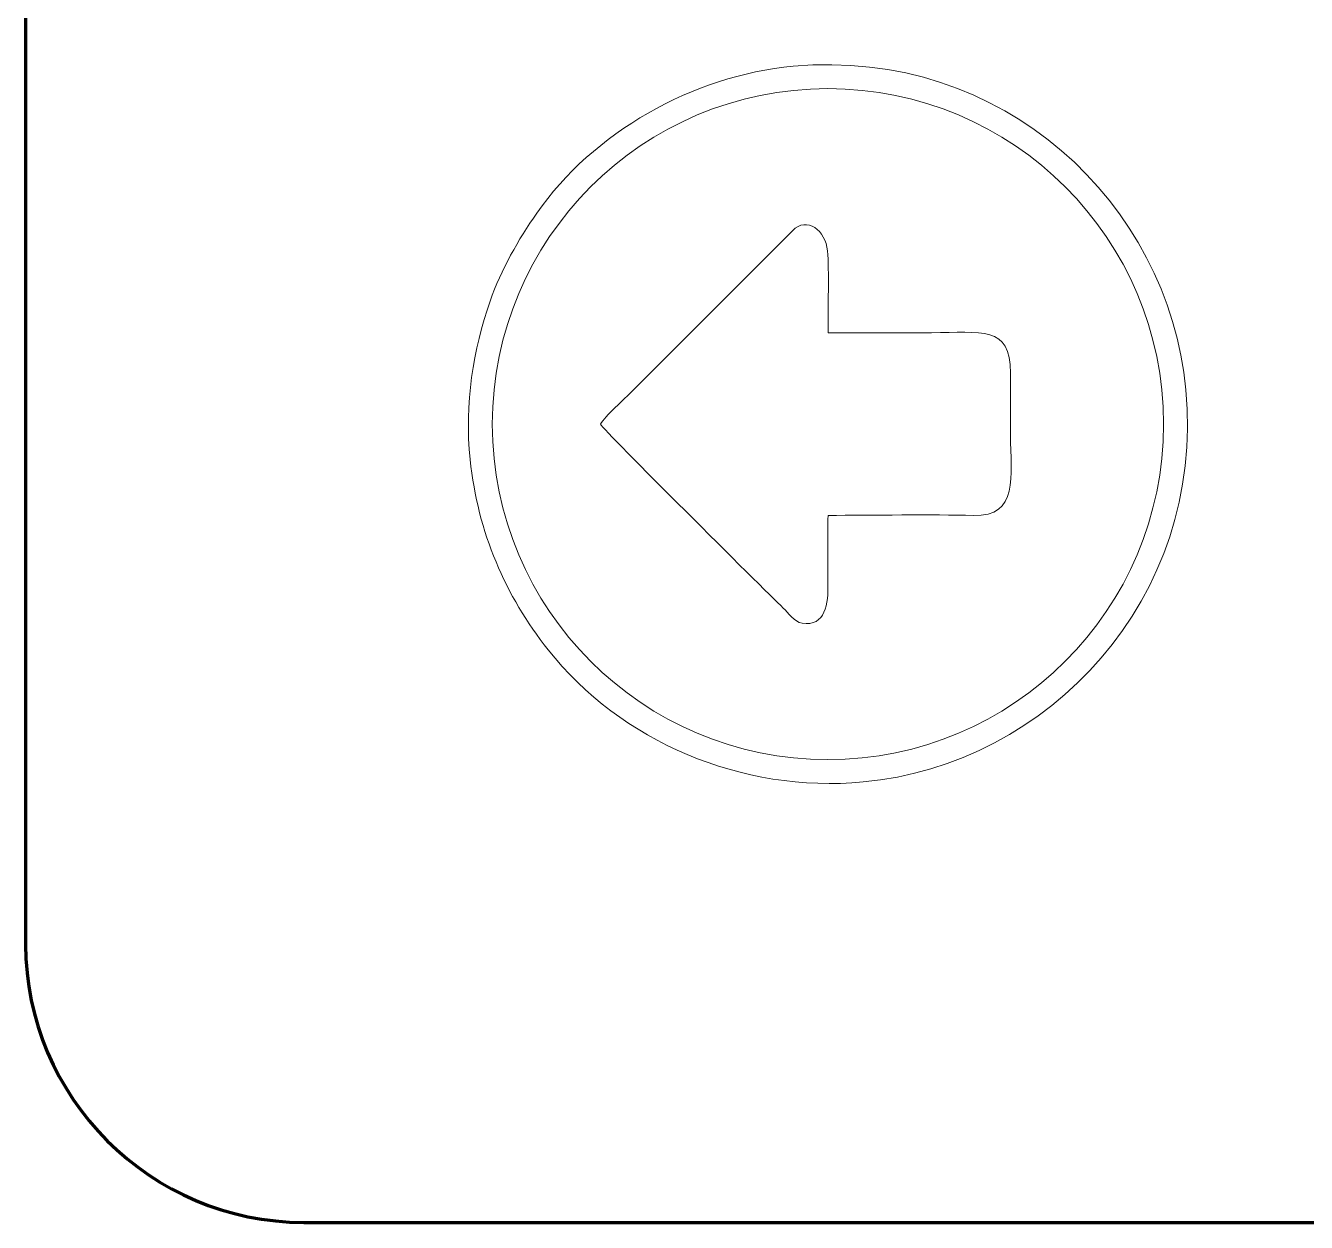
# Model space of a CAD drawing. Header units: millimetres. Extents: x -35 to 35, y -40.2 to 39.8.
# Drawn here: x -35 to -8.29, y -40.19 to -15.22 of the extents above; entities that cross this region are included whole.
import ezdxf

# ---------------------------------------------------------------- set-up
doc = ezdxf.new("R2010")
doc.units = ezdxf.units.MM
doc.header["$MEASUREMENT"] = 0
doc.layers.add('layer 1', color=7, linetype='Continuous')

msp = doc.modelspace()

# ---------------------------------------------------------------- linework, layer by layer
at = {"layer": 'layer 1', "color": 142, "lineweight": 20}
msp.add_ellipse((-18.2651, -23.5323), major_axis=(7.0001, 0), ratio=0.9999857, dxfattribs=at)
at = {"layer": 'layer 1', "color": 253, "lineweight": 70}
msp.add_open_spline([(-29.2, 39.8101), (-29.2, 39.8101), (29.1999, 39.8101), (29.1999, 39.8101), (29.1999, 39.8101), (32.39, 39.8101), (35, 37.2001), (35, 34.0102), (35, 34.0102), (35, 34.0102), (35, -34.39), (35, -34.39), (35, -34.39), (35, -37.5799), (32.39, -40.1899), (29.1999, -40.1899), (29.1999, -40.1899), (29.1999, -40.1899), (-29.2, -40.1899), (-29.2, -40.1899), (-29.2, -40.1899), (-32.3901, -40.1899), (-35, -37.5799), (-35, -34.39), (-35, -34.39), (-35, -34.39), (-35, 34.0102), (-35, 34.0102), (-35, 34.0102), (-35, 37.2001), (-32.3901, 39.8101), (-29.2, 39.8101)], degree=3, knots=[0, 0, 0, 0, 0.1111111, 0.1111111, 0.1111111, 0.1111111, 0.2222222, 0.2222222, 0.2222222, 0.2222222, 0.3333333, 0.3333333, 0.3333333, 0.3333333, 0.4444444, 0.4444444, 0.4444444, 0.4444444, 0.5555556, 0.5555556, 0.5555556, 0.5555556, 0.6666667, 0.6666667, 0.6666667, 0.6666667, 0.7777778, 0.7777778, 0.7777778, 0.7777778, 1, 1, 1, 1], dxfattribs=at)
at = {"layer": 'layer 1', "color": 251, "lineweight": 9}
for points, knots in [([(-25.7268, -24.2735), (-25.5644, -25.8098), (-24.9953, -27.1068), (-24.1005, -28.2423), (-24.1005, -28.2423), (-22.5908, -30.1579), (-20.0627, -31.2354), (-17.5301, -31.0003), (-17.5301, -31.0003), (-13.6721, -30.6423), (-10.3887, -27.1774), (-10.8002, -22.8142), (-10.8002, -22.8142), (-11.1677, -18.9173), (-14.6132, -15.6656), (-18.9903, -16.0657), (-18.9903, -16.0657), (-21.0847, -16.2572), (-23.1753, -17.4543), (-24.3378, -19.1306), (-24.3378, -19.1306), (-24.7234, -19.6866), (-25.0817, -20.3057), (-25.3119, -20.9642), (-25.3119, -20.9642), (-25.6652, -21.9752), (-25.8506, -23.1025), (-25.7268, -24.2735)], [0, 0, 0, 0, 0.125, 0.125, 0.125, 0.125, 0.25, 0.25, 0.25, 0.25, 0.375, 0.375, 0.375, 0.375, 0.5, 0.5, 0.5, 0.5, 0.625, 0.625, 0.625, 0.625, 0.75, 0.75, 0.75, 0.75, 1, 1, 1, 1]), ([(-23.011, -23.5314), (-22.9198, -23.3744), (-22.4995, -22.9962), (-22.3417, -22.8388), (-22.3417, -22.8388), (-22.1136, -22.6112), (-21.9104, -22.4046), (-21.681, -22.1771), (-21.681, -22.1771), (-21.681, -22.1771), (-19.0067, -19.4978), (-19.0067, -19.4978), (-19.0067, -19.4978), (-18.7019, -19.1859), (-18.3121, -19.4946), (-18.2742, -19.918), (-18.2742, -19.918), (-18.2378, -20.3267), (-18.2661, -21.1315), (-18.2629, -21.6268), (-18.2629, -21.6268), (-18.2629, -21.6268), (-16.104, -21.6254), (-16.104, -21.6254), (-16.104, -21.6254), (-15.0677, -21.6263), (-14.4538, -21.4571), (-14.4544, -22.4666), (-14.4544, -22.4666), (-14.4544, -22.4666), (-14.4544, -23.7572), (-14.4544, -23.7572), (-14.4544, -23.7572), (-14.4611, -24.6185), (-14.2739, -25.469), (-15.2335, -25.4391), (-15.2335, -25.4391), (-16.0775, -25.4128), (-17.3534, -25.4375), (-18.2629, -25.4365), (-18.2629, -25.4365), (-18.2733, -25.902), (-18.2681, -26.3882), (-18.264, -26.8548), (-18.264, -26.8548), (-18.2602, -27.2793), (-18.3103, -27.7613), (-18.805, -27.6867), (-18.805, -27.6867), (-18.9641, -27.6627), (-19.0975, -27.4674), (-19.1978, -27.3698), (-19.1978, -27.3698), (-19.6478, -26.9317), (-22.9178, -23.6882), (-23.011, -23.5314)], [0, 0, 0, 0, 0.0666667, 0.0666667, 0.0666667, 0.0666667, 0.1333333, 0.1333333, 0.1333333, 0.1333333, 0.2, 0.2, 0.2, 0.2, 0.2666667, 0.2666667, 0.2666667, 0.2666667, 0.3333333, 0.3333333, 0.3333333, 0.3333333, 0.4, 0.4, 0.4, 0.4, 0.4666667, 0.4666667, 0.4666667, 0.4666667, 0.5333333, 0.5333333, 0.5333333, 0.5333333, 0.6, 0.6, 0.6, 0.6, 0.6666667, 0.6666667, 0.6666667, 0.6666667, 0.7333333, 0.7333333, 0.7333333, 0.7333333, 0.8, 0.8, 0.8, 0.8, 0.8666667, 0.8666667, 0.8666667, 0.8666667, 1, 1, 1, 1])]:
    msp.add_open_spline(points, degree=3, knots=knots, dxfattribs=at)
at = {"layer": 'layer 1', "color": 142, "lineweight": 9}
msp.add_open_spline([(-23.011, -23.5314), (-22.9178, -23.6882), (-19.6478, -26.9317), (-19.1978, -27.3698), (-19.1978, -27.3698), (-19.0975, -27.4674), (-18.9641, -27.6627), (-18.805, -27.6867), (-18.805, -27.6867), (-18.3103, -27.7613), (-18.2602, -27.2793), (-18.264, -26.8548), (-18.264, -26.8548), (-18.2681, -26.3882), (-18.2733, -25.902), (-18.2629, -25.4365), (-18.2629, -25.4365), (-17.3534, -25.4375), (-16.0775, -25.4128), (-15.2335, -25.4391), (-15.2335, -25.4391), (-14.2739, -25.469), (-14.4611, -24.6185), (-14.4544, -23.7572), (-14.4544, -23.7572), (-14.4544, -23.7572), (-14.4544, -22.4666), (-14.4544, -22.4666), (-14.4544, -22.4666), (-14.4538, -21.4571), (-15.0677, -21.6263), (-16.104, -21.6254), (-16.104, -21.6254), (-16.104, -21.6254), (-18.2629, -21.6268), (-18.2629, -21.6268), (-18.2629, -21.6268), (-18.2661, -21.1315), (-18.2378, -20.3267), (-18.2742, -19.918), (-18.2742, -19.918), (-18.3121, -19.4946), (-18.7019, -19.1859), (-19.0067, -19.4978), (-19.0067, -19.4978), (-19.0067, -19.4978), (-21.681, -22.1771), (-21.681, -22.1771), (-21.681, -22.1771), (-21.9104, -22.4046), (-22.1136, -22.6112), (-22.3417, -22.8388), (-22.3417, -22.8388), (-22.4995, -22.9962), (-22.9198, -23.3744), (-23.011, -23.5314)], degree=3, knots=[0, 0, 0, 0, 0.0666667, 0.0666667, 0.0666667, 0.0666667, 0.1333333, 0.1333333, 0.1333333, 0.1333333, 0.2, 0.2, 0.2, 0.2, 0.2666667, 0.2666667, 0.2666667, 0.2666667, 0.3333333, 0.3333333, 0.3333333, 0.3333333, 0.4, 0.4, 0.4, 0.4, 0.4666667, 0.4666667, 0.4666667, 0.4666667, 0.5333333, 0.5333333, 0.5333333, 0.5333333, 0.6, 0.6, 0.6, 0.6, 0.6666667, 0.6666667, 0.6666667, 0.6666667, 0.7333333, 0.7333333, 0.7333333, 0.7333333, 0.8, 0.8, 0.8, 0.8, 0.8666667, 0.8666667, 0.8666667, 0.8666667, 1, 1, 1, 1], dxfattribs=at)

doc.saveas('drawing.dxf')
+-------+
• WHAT THE EXERCISE ASKS:
Would you count the lines in the entries that hold "units" and reply with only the count?

• FINISHED TASK:
2